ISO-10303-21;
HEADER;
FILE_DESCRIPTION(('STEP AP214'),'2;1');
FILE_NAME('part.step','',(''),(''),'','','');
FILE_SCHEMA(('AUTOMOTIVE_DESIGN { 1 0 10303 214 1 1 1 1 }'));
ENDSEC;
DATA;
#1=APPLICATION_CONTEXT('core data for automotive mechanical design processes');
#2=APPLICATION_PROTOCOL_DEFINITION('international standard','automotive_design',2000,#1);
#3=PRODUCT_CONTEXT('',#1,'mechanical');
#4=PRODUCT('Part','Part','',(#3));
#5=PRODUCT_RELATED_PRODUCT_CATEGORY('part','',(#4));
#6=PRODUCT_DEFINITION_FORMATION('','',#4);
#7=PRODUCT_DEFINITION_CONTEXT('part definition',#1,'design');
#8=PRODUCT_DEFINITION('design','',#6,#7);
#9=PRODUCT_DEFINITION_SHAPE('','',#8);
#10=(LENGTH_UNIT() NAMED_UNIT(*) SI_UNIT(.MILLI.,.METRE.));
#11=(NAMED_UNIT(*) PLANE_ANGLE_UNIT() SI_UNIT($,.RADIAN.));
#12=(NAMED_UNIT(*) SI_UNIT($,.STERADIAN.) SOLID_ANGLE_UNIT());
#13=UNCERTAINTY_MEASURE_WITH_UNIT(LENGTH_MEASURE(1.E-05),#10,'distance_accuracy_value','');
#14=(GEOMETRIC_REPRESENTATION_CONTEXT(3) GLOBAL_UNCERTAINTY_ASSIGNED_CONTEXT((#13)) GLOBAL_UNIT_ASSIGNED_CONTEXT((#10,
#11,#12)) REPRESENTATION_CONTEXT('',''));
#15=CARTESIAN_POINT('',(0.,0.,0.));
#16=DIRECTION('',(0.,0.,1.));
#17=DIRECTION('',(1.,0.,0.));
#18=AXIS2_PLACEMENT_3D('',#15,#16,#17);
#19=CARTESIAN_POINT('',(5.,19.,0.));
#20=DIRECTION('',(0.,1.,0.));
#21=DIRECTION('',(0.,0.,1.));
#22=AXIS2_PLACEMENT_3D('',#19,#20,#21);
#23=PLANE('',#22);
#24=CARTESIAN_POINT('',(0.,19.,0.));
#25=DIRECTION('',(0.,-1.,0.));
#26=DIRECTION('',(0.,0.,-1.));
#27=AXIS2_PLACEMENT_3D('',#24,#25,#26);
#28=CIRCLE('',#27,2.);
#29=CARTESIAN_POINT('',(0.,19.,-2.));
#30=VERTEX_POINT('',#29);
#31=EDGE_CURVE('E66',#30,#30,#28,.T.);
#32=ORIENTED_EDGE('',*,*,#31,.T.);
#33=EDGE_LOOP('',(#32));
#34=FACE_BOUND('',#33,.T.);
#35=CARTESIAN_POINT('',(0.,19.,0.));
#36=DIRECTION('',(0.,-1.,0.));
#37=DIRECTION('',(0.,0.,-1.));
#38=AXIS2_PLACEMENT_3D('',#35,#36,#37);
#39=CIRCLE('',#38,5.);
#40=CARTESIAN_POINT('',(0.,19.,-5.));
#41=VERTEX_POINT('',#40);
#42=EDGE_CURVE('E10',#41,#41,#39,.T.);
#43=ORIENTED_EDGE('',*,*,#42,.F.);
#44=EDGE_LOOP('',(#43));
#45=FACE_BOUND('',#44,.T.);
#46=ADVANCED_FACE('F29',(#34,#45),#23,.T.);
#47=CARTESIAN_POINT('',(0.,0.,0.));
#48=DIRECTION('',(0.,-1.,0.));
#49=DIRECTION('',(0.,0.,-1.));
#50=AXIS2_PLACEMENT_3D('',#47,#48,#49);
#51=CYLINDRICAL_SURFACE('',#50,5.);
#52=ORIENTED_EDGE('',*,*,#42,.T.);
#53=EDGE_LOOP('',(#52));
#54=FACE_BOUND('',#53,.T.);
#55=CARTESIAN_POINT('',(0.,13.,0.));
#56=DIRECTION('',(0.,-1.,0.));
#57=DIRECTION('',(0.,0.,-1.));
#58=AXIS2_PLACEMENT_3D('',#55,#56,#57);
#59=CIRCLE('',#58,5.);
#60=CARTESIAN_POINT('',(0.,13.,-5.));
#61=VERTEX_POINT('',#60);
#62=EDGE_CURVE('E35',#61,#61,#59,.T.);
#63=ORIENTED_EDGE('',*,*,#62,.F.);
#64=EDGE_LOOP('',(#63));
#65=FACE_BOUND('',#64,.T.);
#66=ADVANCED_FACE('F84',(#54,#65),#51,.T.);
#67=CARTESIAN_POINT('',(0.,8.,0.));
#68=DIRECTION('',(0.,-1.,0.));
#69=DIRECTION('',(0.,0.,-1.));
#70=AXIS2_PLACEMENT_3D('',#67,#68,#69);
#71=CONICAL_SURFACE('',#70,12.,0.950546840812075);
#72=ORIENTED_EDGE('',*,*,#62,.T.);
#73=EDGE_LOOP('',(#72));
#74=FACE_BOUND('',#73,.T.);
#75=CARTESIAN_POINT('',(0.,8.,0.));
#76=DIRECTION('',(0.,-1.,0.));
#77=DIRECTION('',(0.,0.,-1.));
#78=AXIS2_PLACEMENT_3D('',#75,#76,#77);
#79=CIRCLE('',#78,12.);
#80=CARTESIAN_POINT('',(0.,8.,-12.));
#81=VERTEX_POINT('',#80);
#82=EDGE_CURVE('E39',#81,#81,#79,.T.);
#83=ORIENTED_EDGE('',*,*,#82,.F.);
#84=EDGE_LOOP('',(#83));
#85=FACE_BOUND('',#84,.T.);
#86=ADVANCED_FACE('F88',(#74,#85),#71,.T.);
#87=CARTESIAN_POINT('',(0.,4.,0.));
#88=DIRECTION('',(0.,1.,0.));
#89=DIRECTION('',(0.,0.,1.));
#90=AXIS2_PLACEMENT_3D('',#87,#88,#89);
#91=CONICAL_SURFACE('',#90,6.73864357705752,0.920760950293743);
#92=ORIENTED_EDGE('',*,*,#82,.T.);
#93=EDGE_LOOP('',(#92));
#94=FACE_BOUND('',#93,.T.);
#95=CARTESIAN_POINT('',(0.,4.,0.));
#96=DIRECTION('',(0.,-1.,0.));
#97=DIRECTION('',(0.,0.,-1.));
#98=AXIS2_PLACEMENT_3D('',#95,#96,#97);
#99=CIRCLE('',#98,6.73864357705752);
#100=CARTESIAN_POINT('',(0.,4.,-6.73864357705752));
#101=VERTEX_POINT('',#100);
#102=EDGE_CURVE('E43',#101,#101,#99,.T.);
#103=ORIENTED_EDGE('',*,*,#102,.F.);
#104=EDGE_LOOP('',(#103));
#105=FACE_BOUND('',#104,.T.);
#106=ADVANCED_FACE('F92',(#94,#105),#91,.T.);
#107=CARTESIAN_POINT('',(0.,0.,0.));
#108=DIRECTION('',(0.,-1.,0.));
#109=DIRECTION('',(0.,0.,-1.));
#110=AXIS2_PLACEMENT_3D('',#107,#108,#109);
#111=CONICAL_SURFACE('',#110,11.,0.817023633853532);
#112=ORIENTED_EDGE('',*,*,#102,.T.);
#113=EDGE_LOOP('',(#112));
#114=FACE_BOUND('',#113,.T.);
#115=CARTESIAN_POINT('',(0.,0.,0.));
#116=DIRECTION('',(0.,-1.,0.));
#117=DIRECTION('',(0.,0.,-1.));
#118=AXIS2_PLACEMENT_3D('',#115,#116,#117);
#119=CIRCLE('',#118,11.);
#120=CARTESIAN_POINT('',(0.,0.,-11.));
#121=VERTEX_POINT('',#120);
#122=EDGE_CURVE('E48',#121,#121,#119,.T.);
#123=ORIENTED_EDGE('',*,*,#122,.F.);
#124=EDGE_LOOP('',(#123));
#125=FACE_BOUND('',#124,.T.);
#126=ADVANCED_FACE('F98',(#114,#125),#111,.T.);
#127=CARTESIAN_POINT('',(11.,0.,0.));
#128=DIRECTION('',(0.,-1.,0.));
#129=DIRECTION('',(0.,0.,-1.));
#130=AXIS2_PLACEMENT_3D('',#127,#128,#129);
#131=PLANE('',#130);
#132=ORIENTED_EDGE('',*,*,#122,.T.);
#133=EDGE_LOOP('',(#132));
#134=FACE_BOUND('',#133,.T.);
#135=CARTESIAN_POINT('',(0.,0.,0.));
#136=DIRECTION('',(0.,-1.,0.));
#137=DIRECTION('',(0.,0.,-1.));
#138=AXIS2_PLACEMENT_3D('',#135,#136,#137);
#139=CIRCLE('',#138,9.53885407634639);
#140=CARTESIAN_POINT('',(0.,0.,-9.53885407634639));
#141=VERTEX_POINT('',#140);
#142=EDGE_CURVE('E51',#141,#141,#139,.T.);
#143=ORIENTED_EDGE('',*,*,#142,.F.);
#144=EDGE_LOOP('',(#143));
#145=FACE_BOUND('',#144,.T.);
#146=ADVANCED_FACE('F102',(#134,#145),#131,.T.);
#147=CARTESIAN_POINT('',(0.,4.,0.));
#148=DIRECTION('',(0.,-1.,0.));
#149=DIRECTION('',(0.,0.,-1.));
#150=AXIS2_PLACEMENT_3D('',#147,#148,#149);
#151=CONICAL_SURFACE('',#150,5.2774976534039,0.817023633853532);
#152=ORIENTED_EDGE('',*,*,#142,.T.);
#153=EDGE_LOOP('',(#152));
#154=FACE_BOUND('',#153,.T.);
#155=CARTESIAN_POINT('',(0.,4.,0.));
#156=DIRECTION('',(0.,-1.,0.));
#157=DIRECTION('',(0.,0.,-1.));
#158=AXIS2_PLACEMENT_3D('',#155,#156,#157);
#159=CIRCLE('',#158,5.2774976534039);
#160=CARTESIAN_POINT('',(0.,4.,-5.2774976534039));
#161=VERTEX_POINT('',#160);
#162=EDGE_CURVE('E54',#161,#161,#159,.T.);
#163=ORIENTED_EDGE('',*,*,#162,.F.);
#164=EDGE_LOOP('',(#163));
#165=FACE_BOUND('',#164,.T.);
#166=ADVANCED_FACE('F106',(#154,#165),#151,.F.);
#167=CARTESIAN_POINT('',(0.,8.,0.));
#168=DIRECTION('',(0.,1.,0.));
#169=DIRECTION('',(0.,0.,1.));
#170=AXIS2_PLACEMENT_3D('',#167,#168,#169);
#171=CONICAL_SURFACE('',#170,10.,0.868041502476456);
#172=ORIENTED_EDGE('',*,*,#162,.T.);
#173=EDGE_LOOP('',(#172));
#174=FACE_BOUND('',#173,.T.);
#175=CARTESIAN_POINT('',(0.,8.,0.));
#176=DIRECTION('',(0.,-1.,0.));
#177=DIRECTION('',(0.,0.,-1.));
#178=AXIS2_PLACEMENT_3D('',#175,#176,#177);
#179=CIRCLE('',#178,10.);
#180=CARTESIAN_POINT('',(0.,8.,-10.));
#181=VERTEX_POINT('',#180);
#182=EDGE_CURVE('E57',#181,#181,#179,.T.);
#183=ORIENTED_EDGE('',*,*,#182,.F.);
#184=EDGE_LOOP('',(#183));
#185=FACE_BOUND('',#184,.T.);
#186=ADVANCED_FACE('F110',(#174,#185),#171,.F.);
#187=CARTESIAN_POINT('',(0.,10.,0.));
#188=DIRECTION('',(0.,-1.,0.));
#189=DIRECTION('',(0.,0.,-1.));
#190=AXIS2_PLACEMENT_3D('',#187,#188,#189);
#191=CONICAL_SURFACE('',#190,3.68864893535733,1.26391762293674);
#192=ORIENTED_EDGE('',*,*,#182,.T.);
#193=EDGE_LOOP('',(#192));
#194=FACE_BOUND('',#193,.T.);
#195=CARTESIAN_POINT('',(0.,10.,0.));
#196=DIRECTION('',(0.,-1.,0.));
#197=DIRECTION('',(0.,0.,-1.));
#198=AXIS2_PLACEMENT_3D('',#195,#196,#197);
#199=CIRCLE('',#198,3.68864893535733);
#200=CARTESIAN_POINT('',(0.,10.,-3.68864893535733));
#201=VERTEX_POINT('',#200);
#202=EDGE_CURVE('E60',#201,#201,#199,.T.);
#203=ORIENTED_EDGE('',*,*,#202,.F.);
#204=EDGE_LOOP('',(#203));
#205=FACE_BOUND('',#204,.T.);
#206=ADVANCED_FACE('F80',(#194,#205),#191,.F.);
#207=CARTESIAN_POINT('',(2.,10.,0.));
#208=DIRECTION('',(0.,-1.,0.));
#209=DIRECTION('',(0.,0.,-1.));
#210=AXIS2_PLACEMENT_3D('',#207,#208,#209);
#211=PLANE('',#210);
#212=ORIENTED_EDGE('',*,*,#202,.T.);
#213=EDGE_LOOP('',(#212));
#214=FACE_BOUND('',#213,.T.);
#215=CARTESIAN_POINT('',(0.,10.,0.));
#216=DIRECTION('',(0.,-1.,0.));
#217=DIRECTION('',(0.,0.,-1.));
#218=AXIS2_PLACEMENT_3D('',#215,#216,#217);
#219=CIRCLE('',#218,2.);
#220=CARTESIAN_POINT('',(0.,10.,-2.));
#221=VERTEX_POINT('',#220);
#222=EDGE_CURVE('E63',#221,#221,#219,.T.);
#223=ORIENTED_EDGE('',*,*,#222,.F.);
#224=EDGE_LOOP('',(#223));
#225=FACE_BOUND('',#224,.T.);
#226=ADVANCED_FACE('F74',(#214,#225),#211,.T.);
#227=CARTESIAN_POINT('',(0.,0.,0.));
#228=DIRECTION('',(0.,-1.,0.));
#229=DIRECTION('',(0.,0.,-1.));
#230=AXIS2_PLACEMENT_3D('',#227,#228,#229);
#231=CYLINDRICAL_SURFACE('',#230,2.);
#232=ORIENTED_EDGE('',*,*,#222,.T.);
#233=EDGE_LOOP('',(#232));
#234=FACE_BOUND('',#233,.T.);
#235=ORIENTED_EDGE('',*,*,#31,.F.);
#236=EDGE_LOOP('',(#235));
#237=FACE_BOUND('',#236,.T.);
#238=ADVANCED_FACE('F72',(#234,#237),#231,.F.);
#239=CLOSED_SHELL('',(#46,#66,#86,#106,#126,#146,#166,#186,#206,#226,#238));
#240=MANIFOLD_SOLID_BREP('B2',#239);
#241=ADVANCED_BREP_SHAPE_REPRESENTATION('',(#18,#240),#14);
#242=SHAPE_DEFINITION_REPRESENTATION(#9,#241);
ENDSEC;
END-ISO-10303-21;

What the exercise asks>
Each line of the records above, from the first through the one containing "#1=APPLICATION_CONTEXT('core data for", is to be retyped exactly; no other line belongs.

Task output>
ISO-10303-21;
HEADER;
FILE_DESCRIPTION(('STEP AP214'),'2;1');
FILE_NAME('part.step','',(''),(''),'','','');
FILE_SCHEMA(('AUTOMOTIVE_DESIGN { 1 0 10303 214 1 1 1 1 }'));
ENDSEC;
DATA;
#1=APPLICATION_CONTEXT('core data for automotive mechanical design processes');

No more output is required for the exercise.